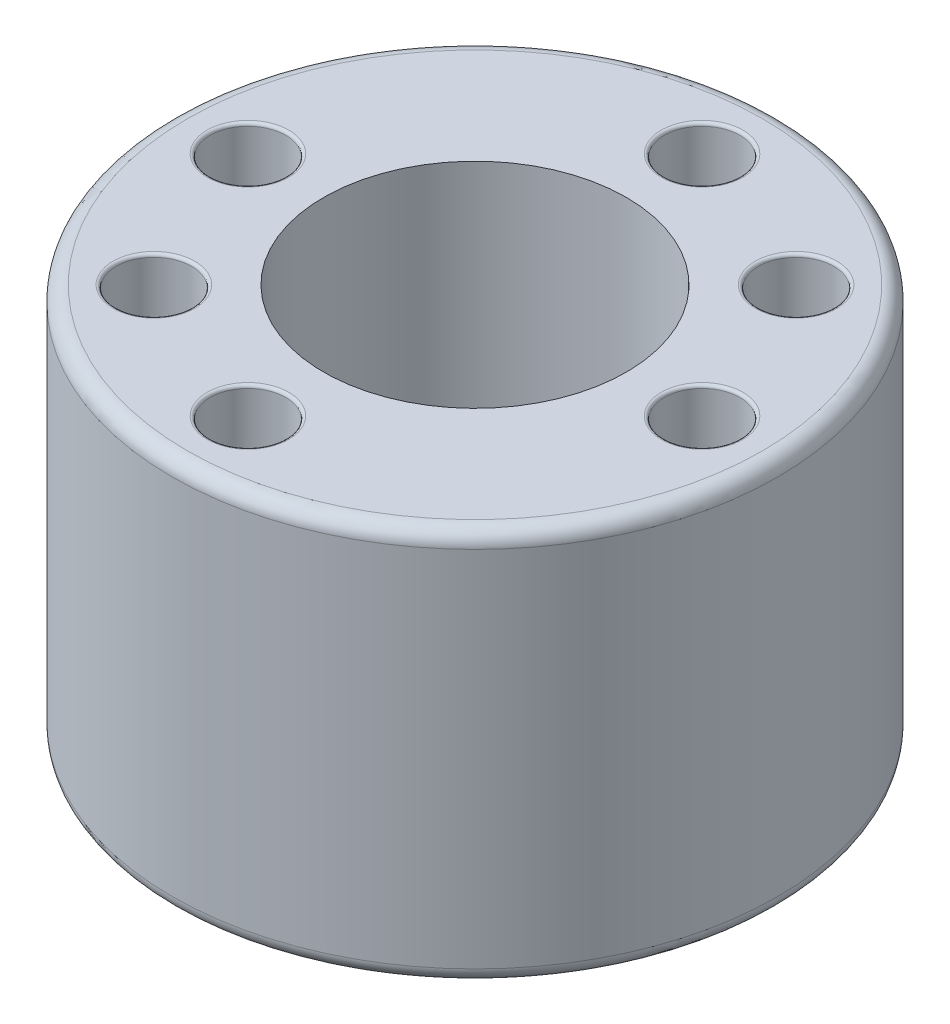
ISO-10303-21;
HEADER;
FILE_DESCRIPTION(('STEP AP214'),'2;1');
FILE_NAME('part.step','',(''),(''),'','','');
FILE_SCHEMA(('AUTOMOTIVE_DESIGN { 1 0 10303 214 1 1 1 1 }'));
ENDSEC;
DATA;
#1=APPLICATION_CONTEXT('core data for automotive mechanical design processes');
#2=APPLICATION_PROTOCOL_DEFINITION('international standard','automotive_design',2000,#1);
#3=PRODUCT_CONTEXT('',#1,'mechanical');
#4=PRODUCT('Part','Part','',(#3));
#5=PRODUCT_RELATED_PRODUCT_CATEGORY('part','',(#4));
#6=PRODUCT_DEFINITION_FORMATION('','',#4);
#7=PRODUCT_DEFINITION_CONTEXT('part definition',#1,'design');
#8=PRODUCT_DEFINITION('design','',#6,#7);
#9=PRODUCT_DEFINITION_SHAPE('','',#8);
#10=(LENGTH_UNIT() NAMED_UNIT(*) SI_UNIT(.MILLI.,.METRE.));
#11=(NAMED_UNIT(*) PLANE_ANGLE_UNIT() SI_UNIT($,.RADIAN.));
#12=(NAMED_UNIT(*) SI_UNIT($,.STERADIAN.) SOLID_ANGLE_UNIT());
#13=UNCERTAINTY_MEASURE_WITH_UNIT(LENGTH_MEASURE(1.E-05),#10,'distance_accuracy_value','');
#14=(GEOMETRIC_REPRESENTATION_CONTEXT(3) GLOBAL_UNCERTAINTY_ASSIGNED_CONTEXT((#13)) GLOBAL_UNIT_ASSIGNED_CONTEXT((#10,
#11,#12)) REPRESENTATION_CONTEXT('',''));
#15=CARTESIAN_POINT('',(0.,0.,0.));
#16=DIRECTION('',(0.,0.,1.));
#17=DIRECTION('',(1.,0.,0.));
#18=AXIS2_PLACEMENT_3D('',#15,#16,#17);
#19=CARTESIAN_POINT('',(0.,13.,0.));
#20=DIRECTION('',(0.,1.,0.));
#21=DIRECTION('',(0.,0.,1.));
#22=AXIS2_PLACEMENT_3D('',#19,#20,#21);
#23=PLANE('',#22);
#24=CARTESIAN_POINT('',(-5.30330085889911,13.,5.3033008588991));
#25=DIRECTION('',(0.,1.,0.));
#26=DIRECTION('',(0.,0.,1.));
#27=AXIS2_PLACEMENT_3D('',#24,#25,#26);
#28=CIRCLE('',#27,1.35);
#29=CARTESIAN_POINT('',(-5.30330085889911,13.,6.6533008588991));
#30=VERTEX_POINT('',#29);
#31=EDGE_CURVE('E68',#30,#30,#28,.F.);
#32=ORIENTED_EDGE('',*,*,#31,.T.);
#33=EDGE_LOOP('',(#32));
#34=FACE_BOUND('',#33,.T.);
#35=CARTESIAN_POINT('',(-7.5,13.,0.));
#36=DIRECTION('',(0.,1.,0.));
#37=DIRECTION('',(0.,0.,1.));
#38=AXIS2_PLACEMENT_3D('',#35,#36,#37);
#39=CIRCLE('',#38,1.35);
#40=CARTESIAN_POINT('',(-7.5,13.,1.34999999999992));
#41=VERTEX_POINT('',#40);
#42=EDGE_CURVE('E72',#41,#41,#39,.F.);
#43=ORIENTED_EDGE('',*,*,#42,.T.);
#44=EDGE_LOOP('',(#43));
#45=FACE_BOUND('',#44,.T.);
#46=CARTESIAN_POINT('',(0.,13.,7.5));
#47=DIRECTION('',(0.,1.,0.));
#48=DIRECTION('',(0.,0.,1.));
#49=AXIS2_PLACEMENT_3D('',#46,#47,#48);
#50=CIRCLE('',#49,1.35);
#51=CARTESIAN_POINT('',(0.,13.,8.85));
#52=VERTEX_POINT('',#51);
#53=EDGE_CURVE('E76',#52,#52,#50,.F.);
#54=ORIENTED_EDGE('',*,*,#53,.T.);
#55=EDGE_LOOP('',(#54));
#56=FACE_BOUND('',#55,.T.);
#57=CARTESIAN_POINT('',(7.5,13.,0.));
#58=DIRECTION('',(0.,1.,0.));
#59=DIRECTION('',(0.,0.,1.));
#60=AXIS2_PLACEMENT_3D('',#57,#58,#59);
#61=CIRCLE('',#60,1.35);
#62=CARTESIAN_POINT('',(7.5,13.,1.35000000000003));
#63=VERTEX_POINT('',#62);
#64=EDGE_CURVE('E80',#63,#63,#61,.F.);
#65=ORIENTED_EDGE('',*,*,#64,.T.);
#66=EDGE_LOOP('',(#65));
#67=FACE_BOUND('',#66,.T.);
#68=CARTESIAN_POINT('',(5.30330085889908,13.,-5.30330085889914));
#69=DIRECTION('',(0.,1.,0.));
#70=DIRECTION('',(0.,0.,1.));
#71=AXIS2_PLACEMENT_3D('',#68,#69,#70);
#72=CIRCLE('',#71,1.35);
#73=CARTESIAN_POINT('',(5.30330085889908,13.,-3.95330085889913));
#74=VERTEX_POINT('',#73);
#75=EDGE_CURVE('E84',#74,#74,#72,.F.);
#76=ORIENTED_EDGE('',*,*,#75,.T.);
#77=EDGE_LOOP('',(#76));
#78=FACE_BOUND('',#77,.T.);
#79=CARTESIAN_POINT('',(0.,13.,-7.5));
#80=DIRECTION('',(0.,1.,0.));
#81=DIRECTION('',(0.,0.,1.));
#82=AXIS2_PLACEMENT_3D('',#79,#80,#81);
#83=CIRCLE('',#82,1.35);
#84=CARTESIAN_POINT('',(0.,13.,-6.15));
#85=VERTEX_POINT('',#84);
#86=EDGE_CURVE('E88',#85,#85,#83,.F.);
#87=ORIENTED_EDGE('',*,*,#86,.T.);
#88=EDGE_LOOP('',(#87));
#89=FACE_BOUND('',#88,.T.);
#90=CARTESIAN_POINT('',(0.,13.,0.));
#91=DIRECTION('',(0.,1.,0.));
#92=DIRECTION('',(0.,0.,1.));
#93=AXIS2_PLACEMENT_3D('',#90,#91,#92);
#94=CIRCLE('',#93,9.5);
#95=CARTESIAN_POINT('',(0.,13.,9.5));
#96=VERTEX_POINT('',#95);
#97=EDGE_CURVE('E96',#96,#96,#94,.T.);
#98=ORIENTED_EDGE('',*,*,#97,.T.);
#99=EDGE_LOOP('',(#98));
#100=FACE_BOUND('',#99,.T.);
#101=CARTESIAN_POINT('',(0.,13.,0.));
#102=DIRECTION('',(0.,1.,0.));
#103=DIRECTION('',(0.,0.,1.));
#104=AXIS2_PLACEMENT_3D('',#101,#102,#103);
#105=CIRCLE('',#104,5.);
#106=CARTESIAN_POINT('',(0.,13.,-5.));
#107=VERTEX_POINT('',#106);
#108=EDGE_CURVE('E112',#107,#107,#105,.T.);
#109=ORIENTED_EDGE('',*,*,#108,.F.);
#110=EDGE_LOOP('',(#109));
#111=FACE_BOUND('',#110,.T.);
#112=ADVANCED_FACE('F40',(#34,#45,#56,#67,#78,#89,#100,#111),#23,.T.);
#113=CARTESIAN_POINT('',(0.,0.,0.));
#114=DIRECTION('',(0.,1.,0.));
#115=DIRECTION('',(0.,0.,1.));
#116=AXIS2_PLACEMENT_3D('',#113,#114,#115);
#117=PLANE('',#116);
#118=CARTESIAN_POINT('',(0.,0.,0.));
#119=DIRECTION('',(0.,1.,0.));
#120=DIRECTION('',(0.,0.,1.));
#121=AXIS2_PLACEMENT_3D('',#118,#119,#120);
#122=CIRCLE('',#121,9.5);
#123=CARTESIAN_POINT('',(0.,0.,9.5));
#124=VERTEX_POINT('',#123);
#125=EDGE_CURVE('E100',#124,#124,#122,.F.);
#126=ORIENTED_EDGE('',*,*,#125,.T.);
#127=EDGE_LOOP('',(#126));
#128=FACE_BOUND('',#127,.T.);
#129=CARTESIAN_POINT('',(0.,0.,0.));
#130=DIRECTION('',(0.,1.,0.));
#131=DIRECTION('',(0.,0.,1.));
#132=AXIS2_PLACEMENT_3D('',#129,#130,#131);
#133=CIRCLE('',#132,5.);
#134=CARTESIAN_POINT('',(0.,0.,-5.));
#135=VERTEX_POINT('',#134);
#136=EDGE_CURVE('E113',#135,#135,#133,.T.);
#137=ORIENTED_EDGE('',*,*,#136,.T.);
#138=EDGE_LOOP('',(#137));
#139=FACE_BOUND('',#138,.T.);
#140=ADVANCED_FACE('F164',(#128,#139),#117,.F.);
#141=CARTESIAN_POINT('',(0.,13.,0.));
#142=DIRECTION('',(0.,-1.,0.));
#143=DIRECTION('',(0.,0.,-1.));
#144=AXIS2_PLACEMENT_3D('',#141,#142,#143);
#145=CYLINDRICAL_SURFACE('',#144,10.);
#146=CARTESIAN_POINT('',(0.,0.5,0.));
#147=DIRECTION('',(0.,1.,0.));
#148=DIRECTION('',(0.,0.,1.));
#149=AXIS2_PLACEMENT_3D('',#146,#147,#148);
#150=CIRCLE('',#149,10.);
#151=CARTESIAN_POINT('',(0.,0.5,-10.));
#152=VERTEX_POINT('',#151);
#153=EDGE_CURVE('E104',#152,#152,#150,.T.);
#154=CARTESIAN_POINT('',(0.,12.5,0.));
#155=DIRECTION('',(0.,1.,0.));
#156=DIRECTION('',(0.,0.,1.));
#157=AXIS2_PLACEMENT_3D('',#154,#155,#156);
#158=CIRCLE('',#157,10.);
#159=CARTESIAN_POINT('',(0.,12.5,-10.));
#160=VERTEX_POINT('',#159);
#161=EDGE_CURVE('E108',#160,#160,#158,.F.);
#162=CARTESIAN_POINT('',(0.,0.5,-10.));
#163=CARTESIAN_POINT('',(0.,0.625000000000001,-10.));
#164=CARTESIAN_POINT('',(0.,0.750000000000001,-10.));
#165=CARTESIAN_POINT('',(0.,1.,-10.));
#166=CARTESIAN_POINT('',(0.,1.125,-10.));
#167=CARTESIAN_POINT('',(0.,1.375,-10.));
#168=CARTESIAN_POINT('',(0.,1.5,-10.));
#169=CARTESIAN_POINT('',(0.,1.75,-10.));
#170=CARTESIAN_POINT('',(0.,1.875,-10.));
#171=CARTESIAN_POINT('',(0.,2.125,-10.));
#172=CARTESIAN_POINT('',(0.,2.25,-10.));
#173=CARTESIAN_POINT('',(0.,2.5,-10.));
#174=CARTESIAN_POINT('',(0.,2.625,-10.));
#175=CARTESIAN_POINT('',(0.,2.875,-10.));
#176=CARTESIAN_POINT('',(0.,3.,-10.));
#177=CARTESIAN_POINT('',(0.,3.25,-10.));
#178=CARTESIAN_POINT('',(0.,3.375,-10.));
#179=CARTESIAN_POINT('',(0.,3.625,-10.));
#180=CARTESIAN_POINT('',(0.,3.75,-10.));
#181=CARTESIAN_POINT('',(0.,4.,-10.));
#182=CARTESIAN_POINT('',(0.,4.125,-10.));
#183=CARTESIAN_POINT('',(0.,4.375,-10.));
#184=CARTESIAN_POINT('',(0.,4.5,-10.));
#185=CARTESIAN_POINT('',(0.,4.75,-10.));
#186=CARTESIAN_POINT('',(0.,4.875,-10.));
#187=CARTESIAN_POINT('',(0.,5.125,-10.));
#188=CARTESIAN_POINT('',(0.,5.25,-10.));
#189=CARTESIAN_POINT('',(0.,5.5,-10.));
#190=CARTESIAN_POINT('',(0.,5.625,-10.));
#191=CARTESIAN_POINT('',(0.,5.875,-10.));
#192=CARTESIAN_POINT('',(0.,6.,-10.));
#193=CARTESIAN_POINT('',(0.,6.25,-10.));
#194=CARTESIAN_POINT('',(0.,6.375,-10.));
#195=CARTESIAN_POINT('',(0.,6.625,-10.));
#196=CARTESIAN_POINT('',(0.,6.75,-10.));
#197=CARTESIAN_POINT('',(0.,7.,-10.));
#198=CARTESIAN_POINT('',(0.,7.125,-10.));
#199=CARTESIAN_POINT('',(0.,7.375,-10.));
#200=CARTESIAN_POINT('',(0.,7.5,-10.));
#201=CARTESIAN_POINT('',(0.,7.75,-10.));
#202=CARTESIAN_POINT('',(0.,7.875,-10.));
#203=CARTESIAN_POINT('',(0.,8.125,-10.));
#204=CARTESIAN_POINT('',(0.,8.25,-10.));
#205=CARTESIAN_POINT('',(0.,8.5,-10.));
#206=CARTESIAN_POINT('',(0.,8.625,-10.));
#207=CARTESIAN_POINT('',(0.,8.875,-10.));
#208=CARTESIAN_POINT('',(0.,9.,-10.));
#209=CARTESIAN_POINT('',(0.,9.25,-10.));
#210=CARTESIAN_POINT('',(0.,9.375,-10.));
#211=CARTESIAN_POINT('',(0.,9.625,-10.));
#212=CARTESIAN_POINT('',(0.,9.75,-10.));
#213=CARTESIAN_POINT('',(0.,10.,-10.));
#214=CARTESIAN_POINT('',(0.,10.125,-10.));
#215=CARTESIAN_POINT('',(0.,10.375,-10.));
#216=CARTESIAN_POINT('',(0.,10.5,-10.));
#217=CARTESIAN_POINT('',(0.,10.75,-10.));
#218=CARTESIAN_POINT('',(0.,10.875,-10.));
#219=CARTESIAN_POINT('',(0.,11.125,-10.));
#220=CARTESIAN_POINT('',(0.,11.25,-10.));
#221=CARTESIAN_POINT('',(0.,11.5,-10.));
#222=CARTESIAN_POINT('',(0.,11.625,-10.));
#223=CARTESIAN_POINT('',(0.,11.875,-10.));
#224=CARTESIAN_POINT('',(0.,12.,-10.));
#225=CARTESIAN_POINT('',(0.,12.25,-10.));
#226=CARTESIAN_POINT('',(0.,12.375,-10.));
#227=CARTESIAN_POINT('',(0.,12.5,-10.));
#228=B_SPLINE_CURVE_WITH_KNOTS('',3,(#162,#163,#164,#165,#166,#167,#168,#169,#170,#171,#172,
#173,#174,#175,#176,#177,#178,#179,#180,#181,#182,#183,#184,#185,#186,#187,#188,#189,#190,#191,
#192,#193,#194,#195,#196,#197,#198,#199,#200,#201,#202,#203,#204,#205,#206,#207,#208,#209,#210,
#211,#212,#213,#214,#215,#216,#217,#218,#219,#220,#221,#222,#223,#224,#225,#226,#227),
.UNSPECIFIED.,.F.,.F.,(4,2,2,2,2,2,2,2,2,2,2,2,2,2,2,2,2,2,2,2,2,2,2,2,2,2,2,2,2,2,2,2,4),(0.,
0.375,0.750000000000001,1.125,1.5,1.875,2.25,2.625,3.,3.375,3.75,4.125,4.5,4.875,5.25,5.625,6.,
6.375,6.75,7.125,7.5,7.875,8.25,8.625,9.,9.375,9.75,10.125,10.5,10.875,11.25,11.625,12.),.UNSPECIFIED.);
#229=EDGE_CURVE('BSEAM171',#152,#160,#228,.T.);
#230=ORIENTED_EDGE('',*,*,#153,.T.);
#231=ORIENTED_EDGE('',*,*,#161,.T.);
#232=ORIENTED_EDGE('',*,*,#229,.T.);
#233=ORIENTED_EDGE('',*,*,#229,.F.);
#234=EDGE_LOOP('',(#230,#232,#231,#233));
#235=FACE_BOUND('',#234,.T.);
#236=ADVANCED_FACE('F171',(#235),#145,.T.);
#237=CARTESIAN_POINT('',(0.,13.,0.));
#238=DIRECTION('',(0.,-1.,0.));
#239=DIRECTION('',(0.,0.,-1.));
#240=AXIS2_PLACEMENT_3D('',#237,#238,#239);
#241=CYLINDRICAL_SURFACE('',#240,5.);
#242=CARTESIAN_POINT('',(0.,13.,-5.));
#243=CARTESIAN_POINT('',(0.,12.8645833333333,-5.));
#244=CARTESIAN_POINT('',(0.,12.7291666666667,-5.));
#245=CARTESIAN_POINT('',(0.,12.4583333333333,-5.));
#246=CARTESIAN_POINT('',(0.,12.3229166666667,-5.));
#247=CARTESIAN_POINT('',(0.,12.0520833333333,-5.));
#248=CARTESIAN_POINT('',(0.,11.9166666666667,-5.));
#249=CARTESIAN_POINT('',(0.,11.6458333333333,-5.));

Exercise description:
Starting at the line above that contains "#27=AXIS2_PLACEMENT_3D('',#24,#25,#26);", repeat each line exactly up to and including the line that contains "#44=EDGE_LOOP('',(#43));", and stop there.

Response box:
#27=AXIS2_PLACEMENT_3D('',#24,#25,#26);
#28=CIRCLE('',#27,1.35);
#29=CARTESIAN_POINT('',(-5.30330085889911,13.,6.6533008588991));
#30=VERTEX_POINT('',#29);
#31=EDGE_CURVE('E68',#30,#30,#28,.F.);
#32=ORIENTED_EDGE('',*,*,#31,.T.);
#33=EDGE_LOOP('',(#32));
#34=FACE_BOUND('',#33,.T.);
#35=CARTESIAN_POINT('',(-7.5,13.,0.));
#36=DIRECTION('',(0.,1.,0.));
#37=DIRECTION('',(0.,0.,1.));
#38=AXIS2_PLACEMENT_3D('',#35,#36,#37);
#39=CIRCLE('',#38,1.35);
#40=CARTESIAN_POINT('',(-7.5,13.,1.34999999999992));
#41=VERTEX_POINT('',#40);
#42=EDGE_CURVE('E72',#41,#41,#39,.F.);
#43=ORIENTED_EDGE('',*,*,#42,.T.);
#44=EDGE_LOOP('',(#43));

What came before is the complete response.